Insomnia... tired as heck, but cant sleep no matter what I try, I even took 3 Tylenol pm as a last resort, felt drowsy for a bit, then it passed... I bake compulsively when I'm up all night with nothing to do,lol...My dad, whom I live with now after having lost my job, knows this...so to support me and my goals of eating healthy, he does the opposite and always makes sure there are plenty of baking supplies around so when the compulsion hits me, I can make tons of yummy things, most of which he gets to eat, as I can usually resist them for awhile...

And for those who are gonna give me some kinda pep talk about self control, and how I can do it, save it, I appreciate the effort, but Ive been battling OCD my entire life, and although Ive shown improvement in some areas, it is an uphill battle... but hey, there are some improvements I'm really proud of, I couldn't eat food that had touched each other as a child, and I happily mix my foods now, although some mixes still bother me, like corn and mashed potato's still bother me...just cant have them mixed... Also, I'm able to eat out now, as long as I'm able to see into the kitchen of the place I'm at and can tell that its fairly clean...
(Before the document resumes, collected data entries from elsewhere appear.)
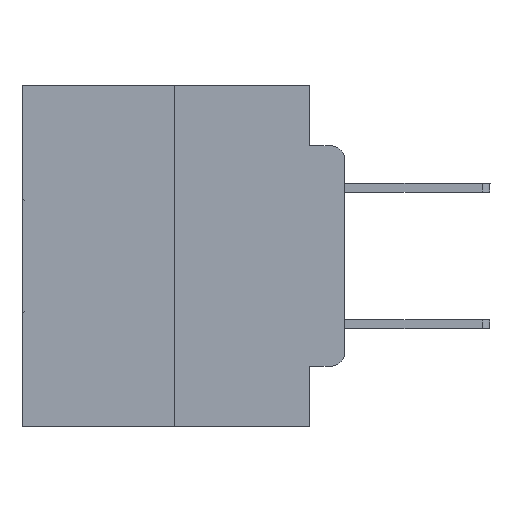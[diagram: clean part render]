
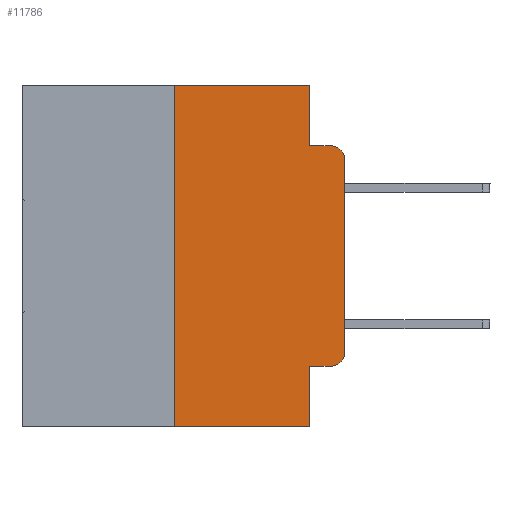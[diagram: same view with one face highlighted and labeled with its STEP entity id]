
A CAD part, left-side view. The second image highlights one B-rep face of the part: STEP entity #11786.
In plain terms, the highlighted planar face has unit normal (-1, 0, 0).
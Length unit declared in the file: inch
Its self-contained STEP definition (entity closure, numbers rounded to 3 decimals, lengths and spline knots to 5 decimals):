
#78 = VERTEX_POINT ( 'NONE', #1081 ) ;
#696 = VECTOR ( 'NONE', #9993, 39.37008 ) ;
#893 = ORIENTED_EDGE ( 'NONE', *, *, #25661, .F. ) ;
#1017 = CARTESIAN_POINT ( 'NONE',  ( 0., 0.25, -0.5 ) ) ;
#1061 = CIRCLE ( 'NONE', #6279, 0.02 ) ;
#1081 = CARTESIAN_POINT ( 'NONE',  ( 0., 0.051, -0.5 ) ) ;
#1318 = EDGE_LOOP ( 'NONE', ( #28785, #13298, #22920, #25460, #22815, #25040, #16436, #893, #4815, #13653 ) ) ;
#1444 = DIRECTION ( 'NONE',  ( 0., 0., -1. ) ) ;
#2431 = CARTESIAN_POINT ( 'NONE',  ( 0., 0.473, 0. ) ) ;
#2989 = VECTOR ( 'NONE', #22465, 39.37008 ) ;
#3608 = EDGE_CURVE ( 'NONE', #20249, #25668, #26754, .T. ) ;
#4305 = DIRECTION ( 'NONE',  ( 0., 0., 1. ) ) ;
#4375 = DIRECTION ( 'NONE',  ( 1., 0., 0. ) ) ;
#4815 = ORIENTED_EDGE ( 'NONE', *, *, #13177, .T. ) ;
#4963 = CARTESIAN_POINT ( 'NONE',  ( 0., 0.051, -0.0885 ) ) ;
#5609 = EDGE_CURVE ( 'NONE', #9330, #10968, #6678, .T. ) ;
#5661 = CARTESIAN_POINT ( 'NONE',  ( 0., 0., -0.3915 ) ) ;
#6199 = CARTESIAN_POINT ( 'NONE',  ( 0., 0.02, -0.1085 ) ) ;
#6279 = AXIS2_PLACEMENT_3D ( 'NONE', #22475, #26904, #11345 ) ;
#6583 = CARTESIAN_POINT ( 'NONE',  ( 0., 0.051, -0.4115 ) ) ;
#6678 = LINE ( 'NONE', #24615, #25975 ) ;
#7169 = VERTEX_POINT ( 'NONE', #18550 ) ;
#8030 = AXIS2_PLACEMENT_3D ( 'NONE', #6199, #28740, #1444 ) ;
#8504 = CIRCLE ( 'NONE', #8030, 0.02 ) ;
#8999 = CARTESIAN_POINT ( 'NONE',  ( 0., 0.02, -0.0885 ) ) ;
#9114 = DIRECTION ( 'NONE',  ( 0., 0., -1. ) ) ;
#9330 = VERTEX_POINT ( 'NONE', #5661 ) ;
#9739 = VERTEX_POINT ( 'NONE', #1017 ) ;
#9993 = DIRECTION ( 'NONE',  ( 0., 0., 1. ) ) ;
#10734 = VERTEX_POINT ( 'NONE', #4963 ) ;
#10911 = CARTESIAN_POINT ( 'NONE',  ( 0., 0.02, -0.4115 ) ) ;
#10968 = VERTEX_POINT ( 'NONE', #15192 ) ;
#11345 = DIRECTION ( 'NONE',  ( 0., 0., -1. ) ) ;
#11786 = ADVANCED_FACE ( 'NONE', ( #26910 ), #15813, .F. ) ;
#12510 = LINE ( 'NONE', #18882, #19654 ) ;
#12979 = DIRECTION ( 'NONE',  ( 0., -1., 0. ) ) ;
#13177 = EDGE_CURVE ( 'NONE', #7169, #26694, #26892, .T. ) ;
#13298 = ORIENTED_EDGE ( 'NONE', *, *, #27898, .T. ) ;
#13653 = ORIENTED_EDGE ( 'NONE', *, *, #21630, .T. ) ;
#14144 = CARTESIAN_POINT ( 'NONE',  ( 0., 0.051, 0. ) ) ;
#14512 = CARTESIAN_POINT ( 'NONE',  ( 0., 0.051, -0.0885 ) ) ;
#15192 = CARTESIAN_POINT ( 'NONE',  ( 0., 0., -0.1085 ) ) ;
#15478 = CARTESIAN_POINT ( 'NONE',  ( 0., 0.473, 0. ) ) ;
#15813 = PLANE ( 'NONE',  #23860 ) ;
#16436 = ORIENTED_EDGE ( 'NONE', *, *, #21531, .T. ) ;
#16874 = LINE ( 'NONE', #14512, #19558 ) ;
#18550 = CARTESIAN_POINT ( 'NONE',  ( 0., 0.051, -0.4115 ) ) ;
#18882 = CARTESIAN_POINT ( 'NONE',  ( 0., 0.051, 0. ) ) ;
#18966 = VECTOR ( 'NONE', #9114, 39.37008 ) ;
#19558 = VECTOR ( 'NONE', #23682, 39.37008 ) ;
#19654 = VECTOR ( 'NONE', #28368, 39.37008 ) ;
#20249 = VERTEX_POINT ( 'NONE', #28067 ) ;
#20971 = VECTOR ( 'NONE', #26775, 39.37008 ) ;
#21531 = EDGE_CURVE ( 'NONE', #9739, #78, #21602, .T. ) ;
#21602 = LINE ( 'NONE', #22041, #20971 ) ;
#21630 = EDGE_CURVE ( 'NONE', #26694, #9330, #1061, .T. ) ;
#21651 = VECTOR ( 'NONE', #12979, 39.37008 ) ;
#22041 = CARTESIAN_POINT ( 'NONE',  ( 0., 0.473, -0.5 ) ) ;
#22465 = DIRECTION ( 'NONE',  ( 0., -1., 0. ) ) ;
#22475 = CARTESIAN_POINT ( 'NONE',  ( 0., 0.02, -0.3915 ) ) ;
#22815 = ORIENTED_EDGE ( 'NONE', *, *, #3608, .F. ) ;
#22884 = CARTESIAN_POINT ( 'NONE',  ( 0., 0.051, 0. ) ) ;
#22920 = ORIENTED_EDGE ( 'NONE', *, *, #23746, .F. ) ;
#23682 = DIRECTION ( 'NONE',  ( 0., -1., 0. ) ) ;
#23746 = EDGE_CURVE ( 'NONE', #10734, #28107, #16874, .T. ) ;
#23860 = AXIS2_PLACEMENT_3D ( 'NONE', #2431, #4375, #24684 ) ;
#24615 = CARTESIAN_POINT ( 'NONE',  ( 0., 0., 0. ) ) ;
#24684 = DIRECTION ( 'NONE',  ( 0., 0., -1. ) ) ;
#25040 = ORIENTED_EDGE ( 'NONE', *, *, #25581, .F. ) ;
#25395 = LINE ( 'NONE', #22884, #18966 ) ;
#25460 = ORIENTED_EDGE ( 'NONE', *, *, #26795, .F. ) ;
#25541 = CARTESIAN_POINT ( 'NONE',  ( 0., 0.25, 0. ) ) ;
#25581 = EDGE_CURVE ( 'NONE', #9739, #20249, #25981, .T. ) ;
#25661 = EDGE_CURVE ( 'NONE', #7169, #78, #12510, .T. ) ;
#25668 = VERTEX_POINT ( 'NONE', #14144 ) ;
#25975 = VECTOR ( 'NONE', #4305, 39.37008 ) ;
#25981 = LINE ( 'NONE', #25541, #696 ) ;
#26694 = VERTEX_POINT ( 'NONE', #10911 ) ;
#26754 = LINE ( 'NONE', #15478, #21651 ) ;
#26775 = DIRECTION ( 'NONE',  ( 0., -1., 0. ) ) ;
#26795 = EDGE_CURVE ( 'NONE', #25668, #10734, #25395, .T. ) ;
#26892 = LINE ( 'NONE', #6583, #2989 ) ;
#26904 = DIRECTION ( 'NONE',  ( -1., 0., 0. ) ) ;
#26910 = FACE_OUTER_BOUND ( 'NONE', #1318, .T. ) ;
#27898 = EDGE_CURVE ( 'NONE', #10968, #28107, #8504, .T. ) ;
#28067 = CARTESIAN_POINT ( 'NONE',  ( 0., 0.25, 0. ) ) ;
#28107 = VERTEX_POINT ( 'NONE', #8999 ) ;
#28368 = DIRECTION ( 'NONE',  ( 0., 0., -1. ) ) ;
#28740 = DIRECTION ( 'NONE',  ( -1., 0., 0. ) ) ;
#28785 = ORIENTED_EDGE ( 'NONE', *, *, #5609, .T. ) ;

I can touch other human beings without having to immediately wash my hands now, that was a big one, as I always really hated that, cause most people would get insulted, and I really never wanted to hurt their feelings, but I couldn't help it... so its nice now that I'm at least able to wait till an opportune time where it doesn't seem like the hand washing has anything to do with them... Usually...

I used to never be able to step on cracks either while walking, they always bothered me, and no, not because of the rhyme about breaking your mothers back if you step on them,lol... I just didn't like stepping on them, now sometimes I even make myself step on them, especially if I'm starting to feel uncomfortable with them again... its how Ive reduced all of my symptoms, they refer to it I believe as Cognitive Behavioral Therapy, forcing yourself into situations in which you have to face your compulsions, and many times are stuck with the fact that you cant do what you would normally do in this situation... like having a friend drop you off in the middle of a really really old parking lot, where you cant go anywhere without stepping on cracks... or in the case of food touching, requesting to only be served food that is touching, nomatter what one asks for in the future... and eventually you get past it, or you starve... considering how severe my aversion was, I did almost starve getting over that one...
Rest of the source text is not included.